* **TRY IT**
Search for the word "mechanical" in the entries. Each line that holds it should be copied.

*** ENTRIES SUPPLIED Section Begins ***

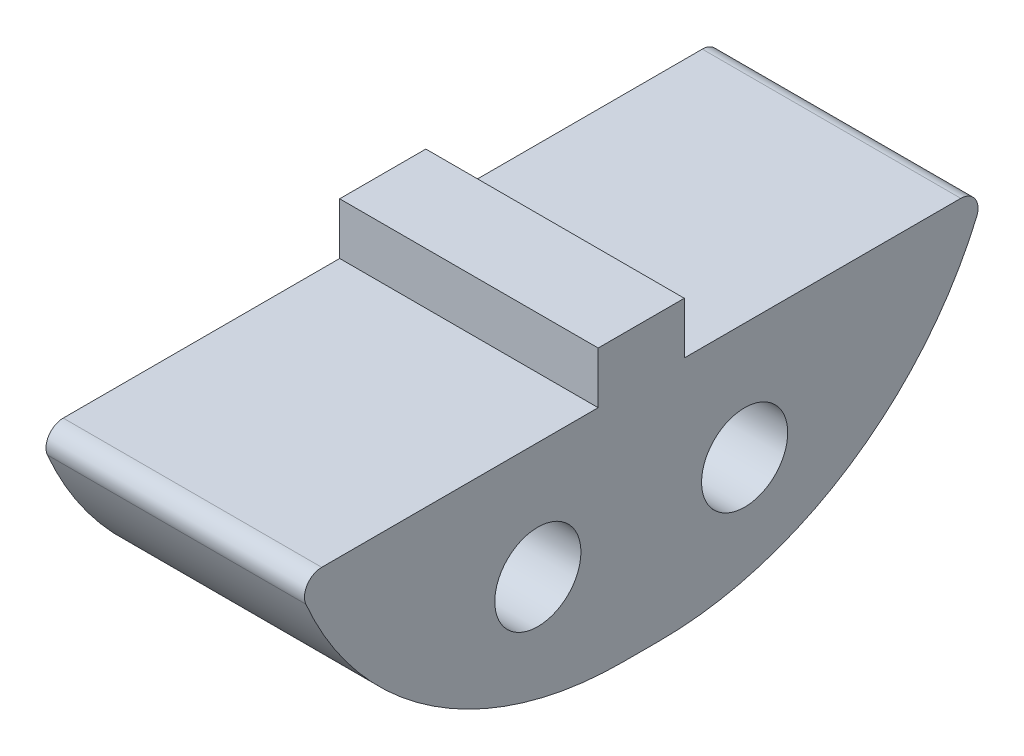
ISO-10303-21;
HEADER;
FILE_DESCRIPTION(('STEP AP214'),'2;1');
FILE_NAME('part.step','',(''),(''),'','','');
FILE_SCHEMA(('AUTOMOTIVE_DESIGN { 1 0 10303 214 1 1 1 1 }'));
ENDSEC;
DATA;
#1=APPLICATION_CONTEXT('core data for automotive mechanical design processes');
#2=APPLICATION_PROTOCOL_DEFINITION('international standard','automotive_design',2000,#1);
#3=PRODUCT_CONTEXT('',#1,'mechanical');
#4=PRODUCT('Part','Part','',(#3));
#5=PRODUCT_RELATED_PRODUCT_CATEGORY('part','',(#4));
#6=PRODUCT_DEFINITION_FORMATION('','',#4);
#7=PRODUCT_DEFINITION_CONTEXT('part definition',#1,'design');
#8=PRODUCT_DEFINITION('design','',#6,#7);
#9=PRODUCT_DEFINITION_SHAPE('','',#8);
#10=(LENGTH_UNIT() NAMED_UNIT(*) SI_UNIT(.MILLI.,.METRE.));
#11=(NAMED_UNIT(*) PLANE_ANGLE_UNIT() SI_UNIT($,.RADIAN.));
#12=(NAMED_UNIT(*) SI_UNIT($,.STERADIAN.) SOLID_ANGLE_UNIT());
#13=UNCERTAINTY_MEASURE_WITH_UNIT(LENGTH_MEASURE(1.E-05),#10,'distance_accuracy_value','');
#14=(GEOMETRIC_REPRESENTATION_CONTEXT(3) GLOBAL_UNCERTAINTY_ASSIGNED_CONTEXT((#13)) GLOBAL_UNIT_ASSIGNED_CONTEXT((#10,
#11,#12)) REPRESENTATION_CONTEXT('',''));
#15=CARTESIAN_POINT('',(0.,0.,0.));
#16=DIRECTION('',(0.,0.,1.));
#17=DIRECTION('',(1.,0.,0.));
#18=AXIS2_PLACEMENT_3D('',#15,#16,#17);
#19=CARTESIAN_POINT('',(15.,27.,40.));
#20=DIRECTION('',(-1.,0.,0.));
#21=DIRECTION('',(0.,0.,1.));
#22=AXIS2_PLACEMENT_3D('',#19,#20,#21);
#23=PLANE('',#22);
#24=DIRECTION('',(0.,0.,-1.));
#25=VECTOR('',#24,1.);
#26=CARTESIAN_POINT('',(15.,27.,40.));
#27=LINE('',#26,#25);
#28=CARTESIAN_POINT('',(15.,27.,37.0856198614367));
#29=VERTEX_POINT('',#28);
#30=CARTESIAN_POINT('',(15.,27.,5.));
#31=VERTEX_POINT('',#30);
#32=EDGE_CURVE('E151',#29,#31,#27,.T.);
#33=ORIENTED_EDGE('',*,*,#32,.F.);
#34=CARTESIAN_POINT('',(15.,25.,37.0856198614367));
#35=DIRECTION('',(-1.,0.,0.));
#36=DIRECTION('',(0.,0.,1.));
#37=AXIS2_PLACEMENT_3D('',#34,#35,#36);
#38=CIRCLE('',#37,2.);
#39=CARTESIAN_POINT('',(15.,24.2105263157895,38.9232083088152));
#40=VERTEX_POINT('',#39);
#41=EDGE_CURVE('E64',#29,#40,#38,.F.);
#42=ORIENTED_EDGE('',*,*,#41,.T.);
#43=CARTESIAN_POINT('',(15.,40.,2.17143936124452));
#44=DIRECTION('',(-1.,0.,0.));
#45=DIRECTION('',(0.,0.,1.));
#46=AXIS2_PLACEMENT_3D('',#43,#44,#45);
#47=CIRCLE('',#46,40.);
#48=CARTESIAN_POINT('',(15.,0.,2.17143936124452));
#49=VERTEX_POINT('',#48);
#50=EDGE_CURVE('E174',#40,#49,#47,.F.);
#51=ORIENTED_EDGE('',*,*,#50,.T.);
#52=DIRECTION('',(0.,0.,-1.));
#53=VECTOR('',#52,1.);
#54=CARTESIAN_POINT('',(15.,0.,40.));
#55=LINE('',#54,#53);
#56=CARTESIAN_POINT('',(15.,0.,-2.17143936124452));
#57=VERTEX_POINT('',#56);
#58=EDGE_CURVE('E143',#49,#57,#55,.T.);
#59=ORIENTED_EDGE('',*,*,#58,.T.);
#60=CARTESIAN_POINT('',(15.,40.,-2.17143936124452));
#61=DIRECTION('',(-1.,0.,0.));
#62=DIRECTION('',(0.,0.,1.));
#63=AXIS2_PLACEMENT_3D('',#60,#61,#62);
#64=CIRCLE('',#63,40.);
#65=CARTESIAN_POINT('',(15.,24.2105263157895,-38.9232083088152));
#66=VERTEX_POINT('',#65);
#67=EDGE_CURVE('E169',#57,#66,#64,.F.);
#68=ORIENTED_EDGE('',*,*,#67,.T.);
#69=CARTESIAN_POINT('',(15.,25.,-37.0856198614367));
#70=DIRECTION('',(-1.,0.,0.));
#71=DIRECTION('',(0.,0.,1.));
#72=AXIS2_PLACEMENT_3D('',#69,#70,#71);
#73=CIRCLE('',#72,2.);
#74=CARTESIAN_POINT('',(15.,27.,-37.0856198614367));
#75=VERTEX_POINT('',#74);
#76=EDGE_CURVE('E183',#66,#75,#73,.F.);
#77=ORIENTED_EDGE('',*,*,#76,.T.);
#78=CARTESIAN_POINT('',(15.,27.,-5.));
#79=VERTEX_POINT('',#78);
#80=EDGE_CURVE('E142',#79,#75,#27,.T.);
#81=ORIENTED_EDGE('',*,*,#80,.F.);
#82=DIRECTION('',(0.,-1.,0.));
#83=VECTOR('',#82,1.);
#84=CARTESIAN_POINT('',(15.,33.,-5.));
#85=LINE('',#84,#83);
#86=CARTESIAN_POINT('',(15.,33.,-5.));
#87=VERTEX_POINT('',#86);
#88=EDGE_CURVE('E123',#87,#79,#85,.T.);
#89=ORIENTED_EDGE('',*,*,#88,.F.);
#90=DIRECTION('',(0.,0.,-1.));
#91=VECTOR('',#90,1.);
#92=CARTESIAN_POINT('',(15.,33.,5.));
#93=LINE('',#92,#91);
#94=CARTESIAN_POINT('',(15.,33.,5.));
#95=VERTEX_POINT('',#94);
#96=EDGE_CURVE('E129',#95,#87,#93,.T.);
#97=ORIENTED_EDGE('',*,*,#96,.F.);
#98=DIRECTION('',(0.,-1.,0.));
#99=VECTOR('',#98,1.);
#100=CARTESIAN_POINT('',(15.,33.,5.));
#101=LINE('',#100,#99);
#102=EDGE_CURVE('E200',#95,#31,#101,.T.);
#103=ORIENTED_EDGE('',*,*,#102,.T.);
#104=EDGE_LOOP('',(#33,#42,#51,#59,#68,#77,#81,#89,#97,#103));
#105=FACE_BOUND('',#104,.T.);
#106=CARTESIAN_POINT('',(15.,13.5,-12.));
#107=DIRECTION('',(-1.,0.,0.));
#108=DIRECTION('',(0.,0.,1.));
#109=AXIS2_PLACEMENT_3D('',#106,#107,#108);
#110=CIRCLE('',#109,5.);
#111=CARTESIAN_POINT('',(15.,13.5,-7.));
#112=VERTEX_POINT('',#111);
#113=EDGE_CURVE('E209',#112,#112,#110,.T.);
#114=ORIENTED_EDGE('',*,*,#113,.T.);
#115=EDGE_LOOP('',(#114));
#116=FACE_BOUND('',#115,.T.);
#117=CARTESIAN_POINT('',(15.,13.5,12.));
#118=DIRECTION('',(1.,0.,0.));
#119=DIRECTION('',(0.,0.,-1.));
#120=AXIS2_PLACEMENT_3D('',#117,#118,#119);
#121=CIRCLE('',#120,5.);
#122=CARTESIAN_POINT('',(15.,13.5,7.));
#123=VERTEX_POINT('',#122);
#124=EDGE_CURVE('E163',#123,#123,#121,.T.);
#125=ORIENTED_EDGE('',*,*,#124,.F.);
#126=EDGE_LOOP('',(#125));
#127=FACE_BOUND('',#126,.T.);
#128=ADVANCED_FACE('F42',(#105,#116,#127),#23,.F.);
#129=CARTESIAN_POINT('',(-15.,27.,40.));
#130=DIRECTION('',(-1.,0.,0.));
#131=DIRECTION('',(0.,0.,1.));
#132=AXIS2_PLACEMENT_3D('',#129,#130,#131);
#133=PLANE('',#132);
#134=CARTESIAN_POINT('',(-15.,13.5,-12.));
#135=DIRECTION('',(-1.,0.,0.));
#136=DIRECTION('',(0.,0.,1.));
#137=AXIS2_PLACEMENT_3D('',#134,#135,#136);
#138=CIRCLE('',#137,5.);
#139=CARTESIAN_POINT('',(-15.,13.5,-7.));
#140=VERTEX_POINT('',#139);
#141=EDGE_CURVE('E159',#140,#140,#138,.F.);
#142=ORIENTED_EDGE('',*,*,#141,.T.);
#143=EDGE_LOOP('',(#142));
#144=FACE_BOUND('',#143,.T.);
#145=CARTESIAN_POINT('',(-15.,40.,2.17143936124452));
#146=DIRECTION('',(-1.,0.,0.));
#147=DIRECTION('',(0.,0.,1.));
#148=AXIS2_PLACEMENT_3D('',#145,#146,#147);
#149=CIRCLE('',#148,40.);
#150=CARTESIAN_POINT('',(-15.,0.,2.17143936124452));
#151=VERTEX_POINT('',#150);
#152=CARTESIAN_POINT('',(-15.,24.2105263157895,38.9232083088152));
#153=VERTEX_POINT('',#152);
#154=EDGE_CURVE('E178',#151,#153,#149,.T.);
#155=ORIENTED_EDGE('',*,*,#154,.T.);
#156=CARTESIAN_POINT('',(-15.,25.,37.0856198614367));
#157=DIRECTION('',(-1.,0.,0.));
#158=DIRECTION('',(0.,0.,1.));
#159=AXIS2_PLACEMENT_3D('',#156,#157,#158);
#160=CIRCLE('',#159,2.);
#161=CARTESIAN_POINT('',(-15.,27.,37.0856198614367));
#162=VERTEX_POINT('',#161);
#163=EDGE_CURVE('E11',#153,#162,#160,.T.);
#164=ORIENTED_EDGE('',*,*,#163,.T.);
#165=DIRECTION('',(0.,0.,-1.));
#166=VECTOR('',#165,1.);
#167=CARTESIAN_POINT('',(-15.,27.,40.));
#168=LINE('',#167,#166);
#169=CARTESIAN_POINT('',(-15.,27.,5.));
#170=VERTEX_POINT('',#169);
#171=EDGE_CURVE('E154',#162,#170,#168,.T.);
#172=ORIENTED_EDGE('',*,*,#171,.T.);
#173=DIRECTION('',(0.,-1.,0.));
#174=VECTOR('',#173,1.);
#175=CARTESIAN_POINT('',(-15.,33.,5.));
#176=LINE('',#175,#174);
#177=CARTESIAN_POINT('',(-15.,33.,5.));
#178=VERTEX_POINT('',#177);
#179=EDGE_CURVE('E147',#178,#170,#176,.T.);
#180=ORIENTED_EDGE('',*,*,#179,.F.);
#181=DIRECTION('',(0.,0.,1.));
#182=VECTOR('',#181,1.);
#183=CARTESIAN_POINT('',(-15.,33.,5.));
#184=LINE('',#183,#182);
#185=CARTESIAN_POINT('',(-15.,33.,-5.));
#186=VERTEX_POINT('',#185);
#187=EDGE_CURVE('E128',#186,#178,#184,.T.);
#188=ORIENTED_EDGE('',*,*,#187,.F.);
#189=DIRECTION('',(0.,-1.,0.));
#190=VECTOR('',#189,1.);
#191=CARTESIAN_POINT('',(-15.,33.,-5.));
#192=LINE('',#191,#190);
#193=CARTESIAN_POINT('',(-15.,27.,-5.));
#194=VERTEX_POINT('',#193);
#195=EDGE_CURVE('E125',#186,#194,#192,.T.);
#196=ORIENTED_EDGE('',*,*,#195,.T.);
#197=CARTESIAN_POINT('',(-15.,27.,-37.0856198614367));
#198=VERTEX_POINT('',#197);
#199=EDGE_CURVE('E153',#194,#198,#168,.T.);
#200=ORIENTED_EDGE('',*,*,#199,.T.);
#201=CARTESIAN_POINT('',(-15.,25.,-37.0856198614367));
#202=DIRECTION('',(-1.,0.,0.));
#203=DIRECTION('',(0.,0.,1.));
#204=AXIS2_PLACEMENT_3D('',#201,#202,#203);
#205=CIRCLE('',#204,2.);
#206=CARTESIAN_POINT('',(-15.,24.2105263157895,-38.9232083088152));
#207=VERTEX_POINT('',#206);
#208=EDGE_CURVE('E187',#198,#207,#205,.T.);
#209=ORIENTED_EDGE('',*,*,#208,.T.);
#210=CARTESIAN_POINT('',(-15.,40.,-2.17143936124452));
#211=DIRECTION('',(-1.,0.,0.));
#212=DIRECTION('',(0.,0.,1.));
#213=AXIS2_PLACEMENT_3D('',#210,#211,#212);
#214=CIRCLE('',#213,40.);
#215=CARTESIAN_POINT('',(-15.,0.,-2.17143936124452));
#216=VERTEX_POINT('',#215);
#217=EDGE_CURVE('E172',#207,#216,#214,.T.);
#218=ORIENTED_EDGE('',*,*,#217,.T.);
#219=DIRECTION('',(0.,0.,-1.));
#220=VECTOR('',#219,1.);
#221=CARTESIAN_POINT('',(-15.,0.,40.));
#222=LINE('',#221,#220);
#223=EDGE_CURVE('E145',#151,#216,#222,.T.);
#224=ORIENTED_EDGE('',*,*,#223,.F.);
#225=EDGE_LOOP('',(#155,#164,#172,#180,#188,#196,#200,#209,#218,#224));
#226=FACE_BOUND('',#225,.T.);
#227=CARTESIAN_POINT('',(-15.,13.5,12.));
#228=DIRECTION('',(-1.,0.,0.));
#229=DIRECTION('',(0.,0.,1.));
#230=AXIS2_PLACEMENT_3D('',#227,#228,#229);
#231=CIRCLE('',#230,5.);
#232=CARTESIAN_POINT('',(-15.,13.5,17.));
#233=VERTEX_POINT('',#232);
#234=EDGE_CURVE('E162',#233,#233,#231,.T.);
#235=ORIENTED_EDGE('',*,*,#234,.F.);
#236=EDGE_LOOP('',(#235));
#237=FACE_BOUND('',#236,.T.);
#238=ADVANCED_FACE('F218',(#144,#226,#237),#133,.T.);
#239=CARTESIAN_POINT('',(0.,27.,0.));
#240=DIRECTION('',(0.,1.,0.));
#241=DIRECTION('',(0.,0.,1.));
#242=AXIS2_PLACEMENT_3D('',#239,#240,#241);
#243=PLANE('',#242);
#244=ORIENTED_EDGE('',*,*,#171,.F.);
#245=DIRECTION('',(1.,0.,0.));
#246=VECTOR('',#245,1.);
#247=CARTESIAN_POINT('',(0.,27.,37.0856198614367));
#248=LINE('',#247,#246);
#249=EDGE_CURVE('E189',#162,#29,#248,.T.);
#250=ORIENTED_EDGE('',*,*,#249,.T.);
#251=ORIENTED_EDGE('',*,*,#32,.T.);
#252=DIRECTION('',(1.,0.,0.));
#253=VECTOR('',#252,1.);
#254=CARTESIAN_POINT('',(-15.,27.,5.));
#255=LINE('',#254,#253);
#256=EDGE_CURVE('E137',#170,#31,#255,.T.);
#257=ORIENTED_EDGE('',*,*,#256,.F.);
#258=EDGE_LOOP('',(#244,#250,#251,#257));
#259=FACE_BOUND('',#258,.T.);
#260=ADVANCED_FACE('F195',(#259),#243,.T.);
#261=ORIENTED_EDGE('',*,*,#80,.T.);
#262=DIRECTION('',(1.,0.,0.));
#263=VECTOR('',#262,1.);
#264=CARTESIAN_POINT('',(0.,27.,-37.0856198614367));
#265=LINE('',#264,#263);
#266=EDGE_CURVE('E185',#75,#198,#265,.F.);
#267=ORIENTED_EDGE('',*,*,#266,.T.);
#268=ORIENTED_EDGE('',*,*,#199,.F.);
#269=DIRECTION('',(-1.,0.,0.));
#270=VECTOR('',#269,1.);
#271=CARTESIAN_POINT('',(-15.,27.,-5.));
#272=LINE('',#271,#270);
#273=EDGE_CURVE('E166',#79,#194,#272,.T.);
#274=ORIENTED_EDGE('',*,*,#273,.F.);
#275=EDGE_LOOP('',(#261,#267,#268,#274));
#276=FACE_BOUND('',#275,.T.);
#277=ADVANCED_FACE('F266',(#276),#243,.T.);
#278=CARTESIAN_POINT('',(0.,0.,0.));
#279=DIRECTION('',(0.,1.,0.));
#280=DIRECTION('',(0.,0.,1.));
#281=AXIS2_PLACEMENT_3D('',#278,#279,#280);
#282=PLANE('',#281);
#283=ORIENTED_EDGE('',*,*,#58,.F.);
#284=DIRECTION('',(1.,0.,0.));
#285=VECTOR('',#284,1.);
#286=CARTESIAN_POINT('',(0.,0.,2.17143936124452));
#287=LINE('',#286,#285);
#288=EDGE_CURVE('E176',#49,#151,#287,.F.);
#289=ORIENTED_EDGE('',*,*,#288,.T.);
#290=ORIENTED_EDGE('',*,*,#223,.T.);
#291=DIRECTION('',(1.,0.,0.));
#292=VECTOR('',#291,1.);
#293=CARTESIAN_POINT('',(0.,0.,-2.17143936124452));
#294=LINE('',#293,#292);
#295=EDGE_CURVE('E155',#216,#57,#294,.T.);
#296=ORIENTED_EDGE('',*,*,#295,.T.);
#297=EDGE_LOOP('',(#283,#289,#290,#296));
#298=FACE_BOUND('',#297,.T.);
#299=ADVANCED_FACE('F251',(#298),#282,.F.);
#300=CARTESIAN_POINT('',(-15.,33.,-5.));
#301=DIRECTION('',(0.,0.,1.));
#302=DIRECTION('',(1.,0.,0.));
#303=AXIS2_PLACEMENT_3D('',#300,#301,#302);
#304=PLANE('',#303);
#305=ORIENTED_EDGE('',*,*,#273,.T.);
#306=ORIENTED_EDGE('',*,*,#195,.F.);
#307=DIRECTION('',(-1.,0.,0.));
#308=VECTOR('',#307,1.);
#309=CARTESIAN_POINT('',(-15.,33.,-5.));
#310=LINE('',#309,#308);
#311=EDGE_CURVE('E118',#87,#186,#310,.T.);
#312=ORIENTED_EDGE('',*,*,#311,.F.);
#313=ORIENTED_EDGE('',*,*,#88,.T.);
#314=EDGE_LOOP('',(#305,#306,#312,#313));
#315=FACE_BOUND('',#314,.T.);
#316=ADVANCED_FACE('F121',(#315),#304,.F.);
#317=CARTESIAN_POINT('',(-15.,33.,5.));
#318=DIRECTION('',(0.,0.,-1.));
#319=DIRECTION('',(-1.,0.,0.));
#320=AXIS2_PLACEMENT_3D('',#317,#318,#319);
#321=PLANE('',#320);
#322=ORIENTED_EDGE('',*,*,#256,.T.);
#323=ORIENTED_EDGE('',*,*,#102,.F.);
#324=DIRECTION('',(1.,0.,0.));
#325=VECTOR('',#324,1.);
#326=CARTESIAN_POINT('',(-15.,33.,5.));
#327=LINE('',#326,#325);
#328=EDGE_CURVE('E134',#178,#95,#327,.T.);
#329=ORIENTED_EDGE('',*,*,#328,.F.);
#330=ORIENTED_EDGE('',*,*,#179,.T.);
#331=EDGE_LOOP('',(#322,#323,#329,#330));
#332=FACE_BOUND('',#331,.T.);
#333=ADVANCED_FACE('F254',(#332),#321,.F.);
#334=CARTESIAN_POINT('',(0.,33.,0.));
#335=DIRECTION('',(0.,-1.,0.));
#336=DIRECTION('',(0.,0.,-1.));
#337=AXIS2_PLACEMENT_3D('',#334,#335,#336);
#338=PLANE('',#337);
#339=ORIENTED_EDGE('',*,*,#96,.T.);
#340=ORIENTED_EDGE('',*,*,#311,.T.);
#341=ORIENTED_EDGE('',*,*,#187,.T.);
#342=ORIENTED_EDGE('',*,*,#328,.T.);
#343=EDGE_LOOP('',(#339,#340,#341,#342));
#344=FACE_BOUND('',#343,.T.);
#345=ADVANCED_FACE('F132',(#344),#338,.F.);
#346=CARTESIAN_POINT('',(-25.,13.5,-12.));
#347=DIRECTION('',(1.,0.,0.));
#348=DIRECTION('',(0.,0.,-1.));
#349=AXIS2_PLACEMENT_3D('',#346,#347,#348);
#350=CYLINDRICAL_SURFACE('',#349,5.);
#351=ORIENTED_EDGE('',*,*,#141,.F.);
#352=EDGE_LOOP('',(#351));
#353=FACE_BOUND('',#352,.T.);
#354=ORIENTED_EDGE('',*,*,#113,.F.);
#355=EDGE_LOOP('',(#354));
#356=FACE_BOUND('',#355,.T.);
#357=ADVANCED_FACE('F261',(#353,#356),#350,.F.);
#358=CARTESIAN_POINT('',(-25.,13.5,12.));
#359=DIRECTION('',(1.,0.,0.));
#360=DIRECTION('',(0.,0.,-1.));
#361=AXIS2_PLACEMENT_3D('',#358,#359,#360);
#362=CYLINDRICAL_SURFACE('',#361,5.);
#363=ORIENTED_EDGE('',*,*,#234,.T.);
#364=EDGE_LOOP('',(#363));
#365=FACE_BOUND('',#364,.T.);
#366=ORIENTED_EDGE('',*,*,#124,.T.);
#367=EDGE_LOOP('',(#366));
#368=FACE_BOUND('',#367,.T.);
#369=ADVANCED_FACE('F215',(#365,#368),#362,.F.);
#370=CARTESIAN_POINT('',(-15.,40.,-2.17143936124452));
#371=DIRECTION('',(1.,0.,0.));
#372=DIRECTION('',(0.,0.,-1.));
#373=AXIS2_PLACEMENT_3D('',#370,#371,#372);
#374=CYLINDRICAL_SURFACE('',#373,40.);
#375=ORIENTED_EDGE('',*,*,#217,.F.);
#376=DIRECTION('',(1.,0.,0.));
#377=VECTOR('',#376,1.);
#378=CARTESIAN_POINT('',(-15.,24.2105263157895,-38.9232083088152));
#379=LINE('',#378,#377);
#380=EDGE_CURVE('E180',#207,#66,#379,.T.);
#381=ORIENTED_EDGE('',*,*,#380,.T.);
#382=ORIENTED_EDGE('',*,*,#67,.F.);
#383=ORIENTED_EDGE('',*,*,#295,.F.);
#384=EDGE_LOOP('',(#375,#381,#382,#383));
#385=FACE_BOUND('',#384,.T.);
#386=ADVANCED_FACE('F227',(#385),#374,.T.);
#387=CARTESIAN_POINT('',(-15.,40.,2.17143936124452));
#388=DIRECTION('',(1.,0.,0.));
#389=DIRECTION('',(0.,0.,-1.));
#390=AXIS2_PLACEMENT_3D('',#387,#388,#389);
#391=CYLINDRICAL_SURFACE('',#390,40.);
#392=ORIENTED_EDGE('',*,*,#50,.F.);
#393=DIRECTION('',(1.,0.,0.));
#394=VECTOR('',#393,1.);
#395=CARTESIAN_POINT('',(-15.,24.2105263157895,38.9232083088152));
#396=LINE('',#395,#394);
#397=EDGE_CURVE('E50',#40,#153,#396,.F.);
#398=ORIENTED_EDGE('',*,*,#397,.T.);
#399=ORIENTED_EDGE('',*,*,#154,.F.);
#400=ORIENTED_EDGE('',*,*,#288,.F.);
#401=EDGE_LOOP('',(#392,#398,#399,#400));
#402=FACE_BOUND('',#401,.T.);
#403=ADVANCED_FACE('F230',(#402),#391,.T.);
#404=CARTESIAN_POINT('',(-15.,25.,-37.0856198614367));
#405=DIRECTION('',(1.,0.,0.));
#406=DIRECTION('',(0.,0.,-1.));
#407=AXIS2_PLACEMENT_3D('',#404,#405,#406);
#408=CYLINDRICAL_SURFACE('',#407,2.);
#409=ORIENTED_EDGE('',*,*,#208,.F.);
#410=ORIENTED_EDGE('',*,*,#266,.F.);
#411=ORIENTED_EDGE('',*,*,#76,.F.);
#412=ORIENTED_EDGE('',*,*,#380,.F.);
#413=EDGE_LOOP('',(#409,#410,#411,#412));
#414=FACE_BOUND('',#413,.T.);
#415=ADVANCED_FACE('F233',(#414),#408,.T.);
#416=CARTESIAN_POINT('',(-15.,25.,37.0856198614367));
#417=DIRECTION('',(1.,0.,0.));
#418=DIRECTION('',(0.,0.,-1.));
#419=AXIS2_PLACEMENT_3D('',#416,#417,#418);
#420=CYLINDRICAL_SURFACE('',#419,2.);
#421=ORIENTED_EDGE('',*,*,#163,.F.);
#422=ORIENTED_EDGE('',*,*,#397,.F.);
#423=ORIENTED_EDGE('',*,*,#41,.F.);
#424=ORIENTED_EDGE('',*,*,#249,.F.);
#425=EDGE_LOOP('',(#421,#422,#423,#424));
#426=FACE_BOUND('',#425,.T.);
#427=ADVANCED_FACE('F44',(#426),#420,.T.);
#428=CLOSED_SHELL('',(#128,#238,#260,#277,#299,#316,#333,#345,#357,#369,#386,#403,#415,#427));
#429=MANIFOLD_SOLID_BREP('B2',#428);
#430=ADVANCED_BREP_SHAPE_REPRESENTATION('',(#18,#429),#14);
#431=SHAPE_DEFINITION_REPRESENTATION(#9,#430);
ENDSEC;
END-ISO-10303-21;

*** ENTRIES SUPPLIED Section Ends ***

* **REPLY TO THE EXERCISE**
#1=APPLICATION_CONTEXT('core data for automotive mechanical design processes');
#3=PRODUCT_CONTEXT('',#1,'mechanical');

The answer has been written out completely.